Miley looked at me. I tried not to look guilty… but I was.
“I thought so,” Tish said. “I got five kids and one overgrown, terminal teenager.”
After wrapping production on
Doc
’s first season, I was like a kid getting out of school for summer vacation. I hadn’t ever worked as hard or as long in a concentrated stretch as I had making those twenty-two episodes. It was June 2001, and all I wanted to do was go out on the road and play music with my band. I took fairs, festivals, and casinos—any and every gig I could get. I just wanted to find the music, thank the fans, and be in the band.
On the night of September 10, 2001, I flew from Nashville to Toronto, reading the script for the first episode of season two. Based around my song “Some Gave All,” it was the story of a Vietnam vet dealing with PTSD—post-traumatic stress disorder—who can’t let go of loving his high school sweetheart even though she’s married to another man and has a child.
I landed about 11:15 p.m., and by the time I got through Customs in Toronto, it was close to midnight. It turned out I needed a new work permit, but only one guy was around, and he didn’t work in that department. He told me to come back in the morning when one of the officials would be there.
So I went on my way, back to my condo, and got up early the next morning. It was about five thirty; a car arrived for me at six. I remember yawning in the backseat. By eight thirty, we were rolling film on the opening scene. I was listening to the vet tell me his life story and about his inability to move on. We had begun filming season two.
We were about thirty-five or forty minutes into the scene when
somebody said, “Hey, there’s been a plane crash in New York City.” At that point, we didn’t know much of anything. The folks on the morning news were waiting for details to emerge. As the crew prepared for the next take, we turned the monitor into a TV, and we couldn’t stop watching the tragic events that unfolded right before our eyes. By nine thirty, the whole world had changed.
People would have thought I was crazy if I’d told them about the dreams I’d had six months before this dreadful day.
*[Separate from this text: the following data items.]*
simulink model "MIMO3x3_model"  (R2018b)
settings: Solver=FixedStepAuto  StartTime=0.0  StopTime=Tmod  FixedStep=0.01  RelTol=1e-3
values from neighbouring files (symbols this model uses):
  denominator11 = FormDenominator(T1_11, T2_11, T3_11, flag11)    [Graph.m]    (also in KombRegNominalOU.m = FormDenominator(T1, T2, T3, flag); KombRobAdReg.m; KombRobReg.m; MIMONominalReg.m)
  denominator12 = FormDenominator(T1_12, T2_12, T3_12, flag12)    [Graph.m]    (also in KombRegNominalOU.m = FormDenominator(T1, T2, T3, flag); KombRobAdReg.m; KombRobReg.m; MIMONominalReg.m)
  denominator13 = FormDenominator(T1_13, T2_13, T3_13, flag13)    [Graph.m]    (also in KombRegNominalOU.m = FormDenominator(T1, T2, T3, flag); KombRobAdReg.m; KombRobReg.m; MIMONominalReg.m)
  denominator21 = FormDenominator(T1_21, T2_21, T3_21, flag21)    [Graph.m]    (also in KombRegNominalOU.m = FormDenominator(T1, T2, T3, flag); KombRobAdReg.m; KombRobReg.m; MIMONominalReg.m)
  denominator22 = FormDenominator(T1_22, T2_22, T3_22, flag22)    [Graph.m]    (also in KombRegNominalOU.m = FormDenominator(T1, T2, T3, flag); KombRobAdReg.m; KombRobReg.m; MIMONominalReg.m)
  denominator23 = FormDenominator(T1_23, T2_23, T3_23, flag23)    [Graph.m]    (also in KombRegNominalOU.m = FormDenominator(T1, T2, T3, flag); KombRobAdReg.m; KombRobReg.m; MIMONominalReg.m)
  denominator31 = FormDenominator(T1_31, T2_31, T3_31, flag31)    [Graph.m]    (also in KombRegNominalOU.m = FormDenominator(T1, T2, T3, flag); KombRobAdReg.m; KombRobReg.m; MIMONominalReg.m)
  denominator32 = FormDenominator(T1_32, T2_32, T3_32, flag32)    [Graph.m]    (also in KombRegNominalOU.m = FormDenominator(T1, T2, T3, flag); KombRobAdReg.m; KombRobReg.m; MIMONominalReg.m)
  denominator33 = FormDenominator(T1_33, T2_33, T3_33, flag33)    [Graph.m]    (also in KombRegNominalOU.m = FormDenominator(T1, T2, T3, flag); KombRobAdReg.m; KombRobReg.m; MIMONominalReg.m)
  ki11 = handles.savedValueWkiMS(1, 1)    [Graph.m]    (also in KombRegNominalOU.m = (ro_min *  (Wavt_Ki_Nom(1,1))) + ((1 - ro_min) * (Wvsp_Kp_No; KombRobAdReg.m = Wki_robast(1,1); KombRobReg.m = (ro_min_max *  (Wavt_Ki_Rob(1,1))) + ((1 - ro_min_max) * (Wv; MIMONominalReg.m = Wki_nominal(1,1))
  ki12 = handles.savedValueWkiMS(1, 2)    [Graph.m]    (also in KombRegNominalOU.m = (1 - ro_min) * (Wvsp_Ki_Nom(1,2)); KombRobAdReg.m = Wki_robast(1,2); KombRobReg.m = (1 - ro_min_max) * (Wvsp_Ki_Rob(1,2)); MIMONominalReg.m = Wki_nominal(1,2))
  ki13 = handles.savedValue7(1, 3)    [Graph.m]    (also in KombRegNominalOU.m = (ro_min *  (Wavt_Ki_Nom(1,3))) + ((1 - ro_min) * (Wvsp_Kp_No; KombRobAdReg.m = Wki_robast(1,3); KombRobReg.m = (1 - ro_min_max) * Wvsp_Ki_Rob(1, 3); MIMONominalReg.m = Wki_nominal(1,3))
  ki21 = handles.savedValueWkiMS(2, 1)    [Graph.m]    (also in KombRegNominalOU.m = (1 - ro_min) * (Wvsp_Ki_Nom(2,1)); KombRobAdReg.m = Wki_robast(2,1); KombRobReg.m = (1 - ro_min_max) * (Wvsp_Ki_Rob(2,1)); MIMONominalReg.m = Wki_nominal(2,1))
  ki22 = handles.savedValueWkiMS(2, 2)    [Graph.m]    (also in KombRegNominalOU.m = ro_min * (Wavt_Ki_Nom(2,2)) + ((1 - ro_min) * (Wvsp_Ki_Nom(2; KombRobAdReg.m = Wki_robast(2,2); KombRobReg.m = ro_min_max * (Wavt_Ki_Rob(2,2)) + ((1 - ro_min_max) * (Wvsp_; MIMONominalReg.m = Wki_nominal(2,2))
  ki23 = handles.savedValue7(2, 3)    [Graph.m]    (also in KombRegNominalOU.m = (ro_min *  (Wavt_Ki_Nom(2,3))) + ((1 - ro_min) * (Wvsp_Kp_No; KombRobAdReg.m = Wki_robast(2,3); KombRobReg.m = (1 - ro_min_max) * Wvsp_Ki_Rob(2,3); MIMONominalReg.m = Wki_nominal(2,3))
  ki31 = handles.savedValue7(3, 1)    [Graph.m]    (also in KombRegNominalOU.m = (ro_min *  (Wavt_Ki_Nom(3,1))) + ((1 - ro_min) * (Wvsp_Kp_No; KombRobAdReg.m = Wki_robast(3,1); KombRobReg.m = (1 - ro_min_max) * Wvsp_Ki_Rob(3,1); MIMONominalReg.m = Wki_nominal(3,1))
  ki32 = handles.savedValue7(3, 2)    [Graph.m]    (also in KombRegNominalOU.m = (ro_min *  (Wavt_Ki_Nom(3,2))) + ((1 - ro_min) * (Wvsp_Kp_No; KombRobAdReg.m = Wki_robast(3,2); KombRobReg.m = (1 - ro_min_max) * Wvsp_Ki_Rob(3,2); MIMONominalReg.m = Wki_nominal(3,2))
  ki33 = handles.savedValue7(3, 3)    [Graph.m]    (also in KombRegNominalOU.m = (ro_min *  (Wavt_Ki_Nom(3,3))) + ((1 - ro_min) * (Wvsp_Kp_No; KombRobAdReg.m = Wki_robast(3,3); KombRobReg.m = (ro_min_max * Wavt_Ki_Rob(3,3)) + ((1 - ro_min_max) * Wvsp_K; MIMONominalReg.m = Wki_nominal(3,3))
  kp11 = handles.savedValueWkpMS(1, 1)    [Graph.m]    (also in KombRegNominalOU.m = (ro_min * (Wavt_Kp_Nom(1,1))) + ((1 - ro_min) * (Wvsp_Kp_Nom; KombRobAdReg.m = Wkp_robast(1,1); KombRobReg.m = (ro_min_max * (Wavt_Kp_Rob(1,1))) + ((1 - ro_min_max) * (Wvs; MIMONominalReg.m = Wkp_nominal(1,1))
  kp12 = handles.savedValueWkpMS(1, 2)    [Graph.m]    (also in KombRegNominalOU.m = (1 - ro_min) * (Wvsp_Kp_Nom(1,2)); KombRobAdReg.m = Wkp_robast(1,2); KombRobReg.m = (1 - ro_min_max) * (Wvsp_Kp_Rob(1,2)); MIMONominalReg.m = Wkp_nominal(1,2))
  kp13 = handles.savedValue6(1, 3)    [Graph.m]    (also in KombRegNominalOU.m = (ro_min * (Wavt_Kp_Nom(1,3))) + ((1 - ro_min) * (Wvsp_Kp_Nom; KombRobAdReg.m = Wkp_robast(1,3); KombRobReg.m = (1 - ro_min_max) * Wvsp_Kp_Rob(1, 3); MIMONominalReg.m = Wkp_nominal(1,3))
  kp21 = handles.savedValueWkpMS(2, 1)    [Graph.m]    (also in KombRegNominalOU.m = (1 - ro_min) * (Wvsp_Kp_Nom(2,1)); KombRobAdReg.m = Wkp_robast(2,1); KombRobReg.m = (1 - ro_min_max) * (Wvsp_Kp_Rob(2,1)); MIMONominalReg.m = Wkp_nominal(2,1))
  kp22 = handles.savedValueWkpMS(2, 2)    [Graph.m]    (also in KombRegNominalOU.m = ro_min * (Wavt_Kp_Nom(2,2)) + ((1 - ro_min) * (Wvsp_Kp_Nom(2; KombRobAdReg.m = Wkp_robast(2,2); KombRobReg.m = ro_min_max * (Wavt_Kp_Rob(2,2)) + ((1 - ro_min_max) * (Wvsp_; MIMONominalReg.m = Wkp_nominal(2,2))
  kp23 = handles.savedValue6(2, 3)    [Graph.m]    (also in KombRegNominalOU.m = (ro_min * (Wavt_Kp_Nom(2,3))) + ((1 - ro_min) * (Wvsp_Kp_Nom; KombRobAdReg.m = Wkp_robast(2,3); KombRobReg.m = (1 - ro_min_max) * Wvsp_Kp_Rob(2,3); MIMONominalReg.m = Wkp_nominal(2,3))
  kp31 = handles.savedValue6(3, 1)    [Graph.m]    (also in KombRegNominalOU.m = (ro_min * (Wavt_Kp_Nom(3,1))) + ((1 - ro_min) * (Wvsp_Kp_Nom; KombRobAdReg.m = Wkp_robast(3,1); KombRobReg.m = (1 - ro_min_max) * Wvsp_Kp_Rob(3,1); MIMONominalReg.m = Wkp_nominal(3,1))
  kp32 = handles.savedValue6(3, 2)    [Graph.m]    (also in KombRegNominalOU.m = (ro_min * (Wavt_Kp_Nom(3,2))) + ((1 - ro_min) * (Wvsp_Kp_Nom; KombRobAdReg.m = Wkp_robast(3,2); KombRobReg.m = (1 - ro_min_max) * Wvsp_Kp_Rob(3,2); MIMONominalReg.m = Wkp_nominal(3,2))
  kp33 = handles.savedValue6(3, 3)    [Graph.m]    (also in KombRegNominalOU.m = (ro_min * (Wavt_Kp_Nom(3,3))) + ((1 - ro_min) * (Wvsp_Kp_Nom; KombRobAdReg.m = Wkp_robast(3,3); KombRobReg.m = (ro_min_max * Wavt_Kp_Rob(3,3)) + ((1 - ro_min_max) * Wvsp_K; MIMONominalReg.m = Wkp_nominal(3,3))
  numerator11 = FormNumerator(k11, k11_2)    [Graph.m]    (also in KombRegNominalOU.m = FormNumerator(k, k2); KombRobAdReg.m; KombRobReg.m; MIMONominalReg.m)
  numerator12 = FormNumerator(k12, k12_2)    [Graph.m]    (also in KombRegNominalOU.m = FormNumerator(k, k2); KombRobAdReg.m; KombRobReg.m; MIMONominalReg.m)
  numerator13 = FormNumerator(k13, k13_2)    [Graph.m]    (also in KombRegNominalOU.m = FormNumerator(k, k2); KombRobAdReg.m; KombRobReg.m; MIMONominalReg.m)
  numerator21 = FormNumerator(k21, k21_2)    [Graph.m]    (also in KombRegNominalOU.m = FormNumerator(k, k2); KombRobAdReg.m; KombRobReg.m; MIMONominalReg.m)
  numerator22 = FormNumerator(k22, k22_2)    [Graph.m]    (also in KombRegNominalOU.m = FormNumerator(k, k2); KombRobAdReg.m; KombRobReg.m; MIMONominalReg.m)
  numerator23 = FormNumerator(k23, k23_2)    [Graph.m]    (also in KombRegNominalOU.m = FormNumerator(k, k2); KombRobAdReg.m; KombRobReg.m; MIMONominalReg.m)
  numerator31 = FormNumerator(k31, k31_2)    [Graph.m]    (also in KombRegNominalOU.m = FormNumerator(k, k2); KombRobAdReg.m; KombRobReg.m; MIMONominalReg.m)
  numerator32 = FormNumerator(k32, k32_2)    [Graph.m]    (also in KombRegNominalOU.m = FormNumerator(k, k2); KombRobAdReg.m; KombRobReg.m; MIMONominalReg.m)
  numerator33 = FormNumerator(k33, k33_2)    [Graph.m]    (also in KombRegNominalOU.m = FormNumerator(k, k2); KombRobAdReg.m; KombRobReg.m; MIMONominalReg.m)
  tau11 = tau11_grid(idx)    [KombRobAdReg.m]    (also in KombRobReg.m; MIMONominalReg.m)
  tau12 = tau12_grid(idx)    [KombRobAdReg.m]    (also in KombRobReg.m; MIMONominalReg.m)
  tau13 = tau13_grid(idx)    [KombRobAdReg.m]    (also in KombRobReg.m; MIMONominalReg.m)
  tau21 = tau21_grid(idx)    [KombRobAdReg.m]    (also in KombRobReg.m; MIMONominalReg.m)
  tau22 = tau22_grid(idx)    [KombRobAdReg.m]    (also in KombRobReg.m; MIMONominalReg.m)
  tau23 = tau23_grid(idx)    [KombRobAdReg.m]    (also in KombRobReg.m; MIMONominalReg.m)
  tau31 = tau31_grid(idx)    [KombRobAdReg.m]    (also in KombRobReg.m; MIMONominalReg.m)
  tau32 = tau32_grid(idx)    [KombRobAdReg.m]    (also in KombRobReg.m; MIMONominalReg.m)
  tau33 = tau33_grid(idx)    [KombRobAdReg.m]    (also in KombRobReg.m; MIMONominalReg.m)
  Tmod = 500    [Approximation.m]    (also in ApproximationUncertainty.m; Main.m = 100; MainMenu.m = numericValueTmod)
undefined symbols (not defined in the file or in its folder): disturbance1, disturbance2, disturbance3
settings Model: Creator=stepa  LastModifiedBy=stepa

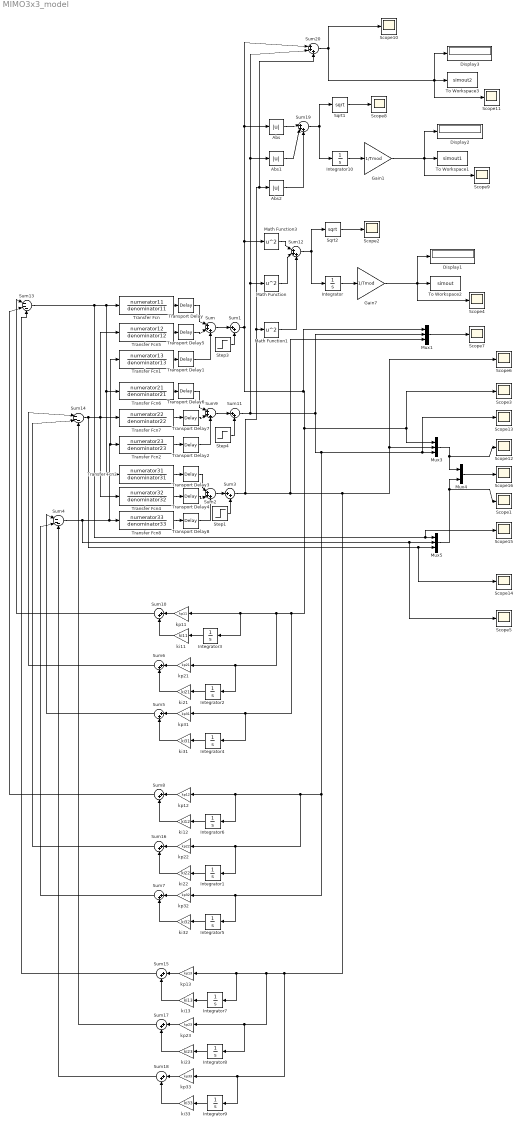
== system MIMO3x3_model ==
  Abs : Abs
  Abs1 : Abs
  Abs2 : Abs
  Display1 : Display
  Display2 : Display
  Display3 : Display
  Gain1 : Gain  Gain=1/Tmod
  Gain7 : Gain  Gain=1/Tmod
  Integrator{,1..10} (11 alike) : Integrator
  Math Function : Math  Operator=square  SaturateOnIntegerOverflow=on
  Math Function1 : Math  Operator=square  SaturateOnIntegerOverflow=on
  Math Function3 : Math  Operator=square  SaturateOnIntegerOverflow=on
  Mux1 : Mux  Inputs=3
  Mux3 : Mux  Inputs=3
  Mux4 : Mux  Inputs=2
  Mux5 : Mux  Inputs=3
  Scope{1..16} (16 alike) : Scope
  Sqrt1 : Sqrt  SaturateOnIntegerOverflow=on
  Sqrt2 : Sqrt  SaturateOnIntegerOverflow=on
  Step1 : Step  After=disturbance3  SampleTime=0
  Step3 : Step  After=disturbance1  SampleTime=0
  Step4 : Step  After=disturbance2  SampleTime=0
  Sum{,2,9,12,19..20} (6 alike) : Sum  Inputs=|+++
  Sum{1,3,5..8,10..11,15..18} (12 alike) : Sum  Inputs=|++
  Sum13 : Sum  Inputs=|---
  Sum14 : Sum  Inputs=|---
  Sum4 : Sum  Inputs=|---
  To Workspace1 : ToWorkspace  VariableName=simout1  SampleTime=-1
      settings: MaxDataPoints=1
  To Workspace2 : ToWorkspace  VariableName=simout  SampleTime=-1
      settings: MaxDataPoints=1
  To Workspace3 : ToWorkspace  VariableName=simout2  SampleTime=-1
      settings: MaxDataPoints=50000
  Transfer Fcn : TransferFcn  Numerator=numerator11  Denominator=denominator11
  Transfer Fcn1 : TransferFcn  Numerator=numerator13  Denominator=denominator13
  Transfer Fcn2 : TransferFcn  Numerator=numerator23  Denominator=denominator23
  Transfer Fcn3 : TransferFcn  Numerator=numerator31  Denominator=denominator31
  Transfer Fcn4 : TransferFcn  Numerator=numerator32  Denominator=denominator32
  Transfer Fcn5 : TransferFcn  Numerator=numerator12  Denominator=denominator12
  Transfer Fcn6 : TransferFcn  Numerator=numerator21  Denominator=denominator21
  Transfer Fcn7 : TransferFcn  Numerator=numerator22  Denominator=denominator22
  Transfer Fcn8 : TransferFcn  Numerator=numerator33  Denominator=denominator33
  Transport Delay : TransportDelay  DelayTime=tau11
  Transport Delay1 : TransportDelay  DelayTime=tau13
  Transport Delay2 : TransportDelay  DelayTime=tau23
  Transport Delay3 : TransportDelay  DelayTime=tau31
  Transport Delay4 : TransportDelay  DelayTime=tau32
  Transport Delay5 : TransportDelay  DelayTime=tau12
  Transport Delay6 : TransportDelay  DelayTime=tau21
  Transport Delay7 : TransportDelay  DelayTime=tau22
  Transport Delay8 : TransportDelay  DelayTime=tau33
  ki11 : Gain  Gain=ki11
  ki12 : Gain  Gain=ki12
  ki13 : Gain  Gain=ki13
  ki21 : Gain  Gain=ki21
  ki22 : Gain  Gain=ki22
  ki23 : Gain  Gain=ki23
  ki31 : Gain  Gain=ki31
  ki32 : Gain  Gain=ki32
  ki33 : Gain  Gain=ki33
  kp11 : Gain  Gain=kp11
  "kp12 " : Gain  Gain=kp12
  kp13 : Gain  Gain=kp13
  kp21 : Gain  Gain=kp21
  kp22 : Gain  Gain=kp22
  kp23 : Gain  Gain=kp23
  kp31 : Gain  Gain=kp31
  kp32 : Gain  Gain=kp32
  kp33 : Gain  Gain=kp33
  wires:
  Integrator8/1 -> ki23/1
  Sum10/1 -> Sum13/1
  Mux1/1 -> Scope7/1
  Transfer Fcn7/1 -> Transport Delay7/1
  ki33/1 -> Sum18/2
  Step4/1 -> Sum11/2
  Transport Delay3/1 -> Sum2/1
  Sum5/1 -> Sum4/1
  ki32/1 -> Sum7/2
  Sum12/1 -> Integrator/1, Sqrt2/1
  Sum15/1 -> Sum13/3
  Sum7/1 -> Sum4/2
  ki13/1 -> Sum15/2
  Transfer Fcn4/1 -> Transport Delay4/1
  Sum18/1 -> Sum4/3
  ki31/1 -> Sum5/2
  Transfer Fcn2/1 -> Transport Delay2/1
  Integrator/1 -> Gain7/1
  Sum17/1 -> Sum14/3
  kp22/1 -> Sum16/1
  Sum14/1 -> Transfer Fcn4/1, Transfer Fcn7/1, Transfer Fcn5/1, Mux5/3, Scope14/1
  Sum3/1 -> Sum20/3, Abs2/1, Math Function1/1, Mux1/3, Integrator9/1, kp33/1, kp23/1, Integrator8/1, Integrator7/1, kp13/1, Scope6/1, Mux3/2
  kp33/1 -> Sum18/1
  kp31/1 -> Sum5/1
  Integrator9/1 -> ki33/1
  Sum1/1 -> Mux1/1, Integrator4/1, kp31/1, Integrator3/1, kp11/1, Integrator2/1, kp21/1, Scope3/1, Mux3/1, Sum20/1, Abs/1, Math Function3/1
  Math Function/1 -> Sum12/2
  Transfer Fcn3/1 -> Transport Delay3/1
  Integrator4/1 -> ki31/1
  ki23/1 -> Sum17/2
  kp32/1 -> Sum7/1
  Step3/1 -> Sum1/2
  kp23/1 -> Sum17/1
  kp13/1 -> Sum15/1
  Sum11/1 -> Sum20/2, Abs1/1, Math Function/1, Mux1/2, Integrator5/1, kp32/1, "kp12 "/1, Integrator6/1, kp22/1, Integrator1/1, Scope13/1, Mux3/3
  Integrator6/1 -> ki12/1
  Transport Delay8/1 -> Sum2/3
  Math Function1/1 -> Sum12/3
  Sum13/1 -> Transfer Fcn/1, Transfer Fcn3/1, Transfer Fcn6/1, Scope15/1, Mux5/1
  kp21/1 -> Sum6/1
  ki21/1 -> Sum6/2
  Sum2/1 -> Sum3/1
  Integrator2/1 -> ki21/1
  Sum4/1 -> Scope5/1, Mux5/2, Transfer Fcn8/1, Transfer Fcn2/1, Transfer Fcn1/1
  Transfer Fcn/1 -> Transport Delay/1
  Step1/1 -> Sum3/2
  Transfer Fcn5/1 -> Transport Delay5/1
  Integrator7/1 -> ki13/1
  Integrator1/1 -> ki22/1
  Transport Delay4/1 -> Sum2/2
  Mux4/1 -> Scope16/1
  Sum/1 -> Sum1/1
  Integrator3/1 -> ki11/1
  Transport Delay6/1 -> Sum9/1
  Math Function3/1 -> Sum12/1
  Sum9/1 -> Sum11/1
  Transfer Fcn1/1 -> Transport Delay1/1
  Integrator5/1 -> ki32/1
  Transport Delay/1 -> Sum/1
  Mux3/1 -> Mux4/1, Scope12/1
  ki11/1 -> Sum10/2
  Mux5/1 -> Mux4/2, Scope1/1
  Sum8/1 -> Sum13/2
  Gain7/1 -> Scope4/1, Display1/1, To Workspace2/1
  Transport Delay5/1 -> Sum/2
  Transfer Fcn8/1 -> Transport Delay8/1
  Transport Delay7/1 -> Sum9/2
  "kp12 "/1 -> Sum8/1
  Sum16/1 -> Sum14/2
  Transport Delay2/1 -> Sum9/3
  Sum6/1 -> Sum14/1
  Sqrt2/1 -> Scope2/1
  Transfer Fcn6/1 -> Transport Delay6/1
  ki22/1 -> Sum16/2
  ki12/1 -> Sum8/2
  Transport Delay1/1 -> Sum/3
  kp11/1 -> Sum10/1
  Sqrt1/1 -> Scope8/1
  Abs1/1 -> Sum19/2
  Integrator10/1 -> Gain1/1
  Abs/1 -> Sum19/1
  Gain1/1 -> Scope9/1, To Workspace1/1, Display2/1
  Sum19/1 -> Integrator10/1, Sqrt1/1
  Abs2/1 -> Sum19/3
  Sum20/1 -> Scope11/1, To Workspace3/1, Display3/1, Scope10/1

It took me a while before I mentioned them to anyone, except my driver, Loren Fredrick, who I told about the dreams the morning after they happened. I didn’t even want to think about them, but I couldn’t help it. As I sat glued in front of the TV, I remembered the two startling nightmares I’d had that America was attacked and I couldn’t get home to be with my family.
The second one was so vivid that I woke up in the middle of the night having an anxiety attack. The only way I could catch my breath was to get dressed, go outside, and stand by the lake with the cold air blowing off it.
Now, with that nightmare a reality, my breaths were short again and my chest filled with an unsettling tightness. This time I couldn’t open my eyes and make it go away, though I tried. America had been attacked. I was in Canada. My family was in Nashville. It was exactly what I’d dreamed.
Every fiber in my body was telling me to get to Tish and the kids. I wanted to be with them so badly, but I couldn’t. The borders were closed. I called home and hung on the line with my wife. We watched the news together in silence, except when one of us fought back tears. Despite being thousands of miles apart, I had never felt or needed to be as close, but I was so far away.